From the perspective of the development of gateway, it has experienced generation after generation of evolution, from the evolution of its own architecture, to the superposition of its functions, to promote the iterative evolution of its architecture. In this era of everything in the cloud, the concept of cloud native has been accepted by various industries and raised to a high level.

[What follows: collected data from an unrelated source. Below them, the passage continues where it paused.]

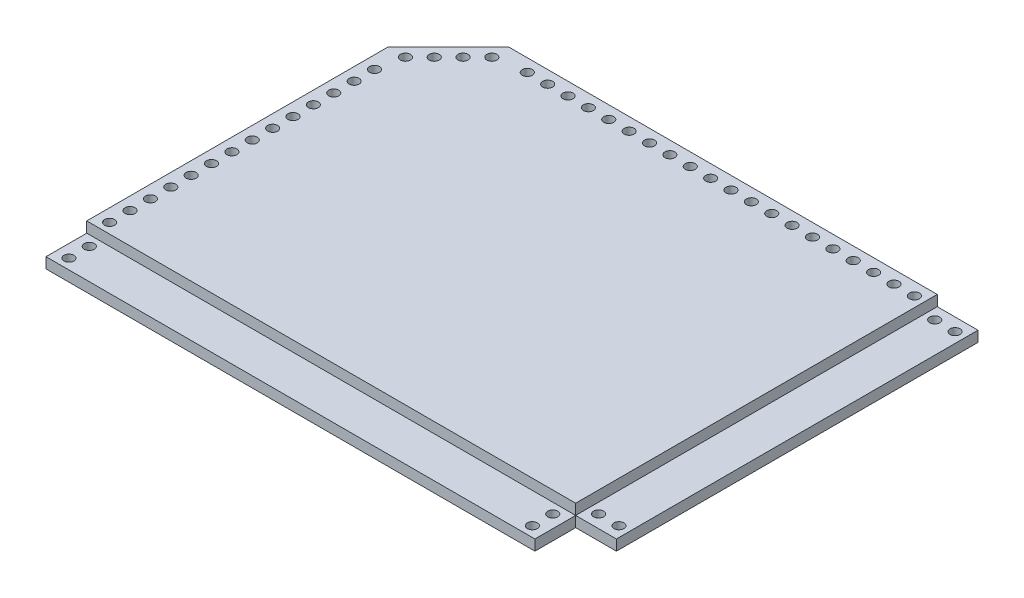
SolidWorks part; units mm, degrees
ref_plane "Front Plane" through (0, 0, 0) normal (0, 0, 1) x (1, 0, 0)
ref_plane "Top Plane" through (0, 0, 0) normal (0, 1, 0) x (1, 0, 0)
ref_plane "Right Plane" through (0, 0, 0) normal (1, 0, 0) x (0, 0, -1)
sketch "Sketch2" plane through (0, 0, 0) normal (0, 1, 0) x (1, 0, 0)
  line L0 (-73.1672, 26.9845) -> (-55.2067, 44.945)
  line L1 (-73.1672, 44.945) -> (85.3288, 44.945)
  line L2 (-73.1672, 44.945) -> (-73.1672, -75.451)
  line L3 (-73.1672, -75.451) -> (85.3288, -75.451)
  line L4 (85.3288, 44.945) -> (85.3288, -75.451)
  dimension "D1" = 158.496
  dimension "D2" = 120.396
  dimension "D3" = 25.4
  dimension "D4" = 45
extrude "Boss-Extrude1" add sketch "Sketch2" along normal blind 6.35 contours L4 L1 L0 L2 L3
sketch "Sketch3" plane through (0, 6.35, 0) normal (0, 1, 0) x (1, 0, 0)
  line L0 (-55.2067, 44.945) -> (85.3288, 44.945) construction
  line L1 (85.3288, 44.945) -> (85.3288, -75.451) construction
  circle A0 centre (82.2808, 41.135) radius 1.5
  dimension "D3" = 3
  dimension "D1" = 3.81
  dimension "D2" = 3.048
extrude "Cut-Extrude1" cut sketch "Sketch3" against normal blind 6.35 contours A0
pattern_linear "LPattern2" count 22 spacing 6.096 along (-1, 0, 0) of "Cut-Extrude1"
sketch "Sketch4" plane through (0, 6.35, 0) normal (0, 1, 0) x (1, 0, 0)
  line L0 (-73.1672, 26.9845) -> (-73.1672, -75.451) construction
  line L1 (-73.1672, -75.451) -> (85.3288, -75.451) construction
  circle A0 centre (-69.3572, -72.403) radius 1.5
  dimension "D1" = 3
  dimension "D2" = 3.81
  dimension "D3" = 3.048
extrude "Cut-Extrude2" cut sketch "Sketch4" against normal blind 6.35
pattern_linear "LPattern3" count 16 spacing 6.096 along (0, 0, -1) of "Cut-Extrude2"
sketch "Sketch6" plane through (85.3288, 0, 0) normal (1, 0, 0) x (0, 0, -1)
  line L0 (44.945, 6.35) -> (-75.451, 6.35) construction
  line L1 (-75.451, 6.35) -> (44.945, 6.35)
  line L2 (-75.451, 6.35) -> (-75.451, 3.175)
  line L3 (-75.451, 3.175) -> (44.945, 3.175)
  line L4 (44.945, 6.35) -> (44.945, 3.175)
  line L5 (-75.451, 6.35) -> (-75.451, 0) construction
  line L6 (44.945, 6.35) -> (44.945, 0) construction
  dimension "D1" = 3.175
  dimension "D2" = 0
  dimension "D3" = 0
  dimension "D4" = 0
extrude "Cut-Extrude3" cut sketch "Sketch6" against normal blind 12.192
sketch "Sketch7" plane through (0, 0, 75.451) normal (0, 0, 1) x (1, 0, 0)
  line L1 (73.1368, 3.175) -> (-73.1672, 3.175)
  line L2 (73.1368, 3.175) -> (73.1368, 6.35)
  line L3 (73.1368, 6.35) -> (-73.1672, 6.35)
  line L4 (-73.1672, 3.175) -> (-73.1672, 6.35)
extrude "Cut-Extrude4" cut sketch "Sketch7" against normal blind 12.192
sketch "Sketch8" plane through (0, 3.175, 0) normal (0, 1, 0) x (1, 0, 0)
  line L1 (85.3288, -75.451) -> (73.1368, -75.451)
  line L2 (85.3288, -75.451) -> (85.3288, -63.259)
  line L3 (85.3288, -63.259) -> (73.1368, -63.259)
  line L4 (73.1368, -75.451) -> (73.1368, -63.259)
  dimension "D1" = 12.192
  dimension "D2" = 12.192
extrude "Cut-Extrude5" cut sketch "Sketch8" against normal blind 6.35
sketch "Sketch9" plane through (0, 3.175, 0) normal (0, 1, 0) x (1, 0, 0)
  line L0 (85.3288, -63.259) -> (73.1368, -63.259) construction
  line L1 (73.1368, -63.259) -> (73.1368, -75.451) construction
  line L2 (73.1368, -63.259) -> (-73.1672, -63.259) construction
  line L3 (-73.1672, -75.451) -> (73.1368, -75.451) construction
  line L4 (73.1368, 44.945) -> (73.1368, -63.259) construction
  line L5 (85.3288, -63.259) -> (85.3288, 44.945) construction
  circle A0 centre (69.3268, -66.307) radius 1.5
  circle A1 centre (69.3268, -72.403) radius 1.5
  circle A2 centre (76.1848, -59.449) radius 1.5
  circle A3 centre (82.2808, -59.449) radius 1.5
  dimension "D1" = 3
  dimension "D2" = 3
  dimension "D3" = 3
  dimension "D4" = 3
  dimension "D9" = 3.048
  dimension "D5" = 3.81
  dimension "D6" = 3.81
  dimension "D7" = 3.81
  dimension "D8" = 3.81
  dimension "D10" = 3.048
  dimension "D11" = 3.048
  dimension "D12" = 3.048
extrude "Cut-Extrude6" cut sketch "Sketch9" against normal blind 6.35
sketch "Sketch10" plane through (0, 6.35, 0) normal (0, 1, 0) x (1, 0, 0)
  line L0 (-73.1672, 26.9845) -> (-54.9179, 26.9845)
  line L1 (-54.9179, 26.9845) -> (-55.2067, 44.945)
  line L2 (-55.2067, 44.945) -> (-73.1672, 26.9845)
  line L3 (-64.1869, 35.9647) -> (-54.9179, 26.9845)
  circle A0 centre (-59.2947, 35.4688) radius 1.5
  circle A1 centre (-63.6058, 31.1578) radius 1.5
  circle A2 centre (-54.9842, 39.7794) radius 1.5
  circle A3 centre (-67.9163, 26.8473) radius 1.5
  dimension "D1" = 3
  dimension "D2" = 3
  dimension "D8" = 3
  dimension "D9" = 3
  dimension "D3" = 3.048
  dimension "D4" = 3.048
  dimension "D5" = 3.81
  dimension "D6" = 3.81
  dimension "D7" = 3.81
  dimension "D10" = 6.096
  dimension "D11" = 6.096
  dimension "D12" = 3.81
extrude "Cut-Extrude7" cut sketch "Sketch10" against normal blind 6.35 contours A2 | A0 | A1 | A3

Even some traditional network-equipment businesses are moving to the cloud.

For the development and evolution of products, we will “copy, learn, change”.

  • For the same business, mature and excellent solutions, we should be able to “copy”, directly take over to use, do not build their own wheels behind closed doors.

  • For the transformation and evolution of different businesses, there is not much experience that can be used for reference, but the architecture and knowledge of related fields. We should not copy, but “learn”, learn its ideas, its essence.

  • Finally, there is change. Any common solution or architecture can solve common problems, but because of common problems, there are inevitably some “common problems”.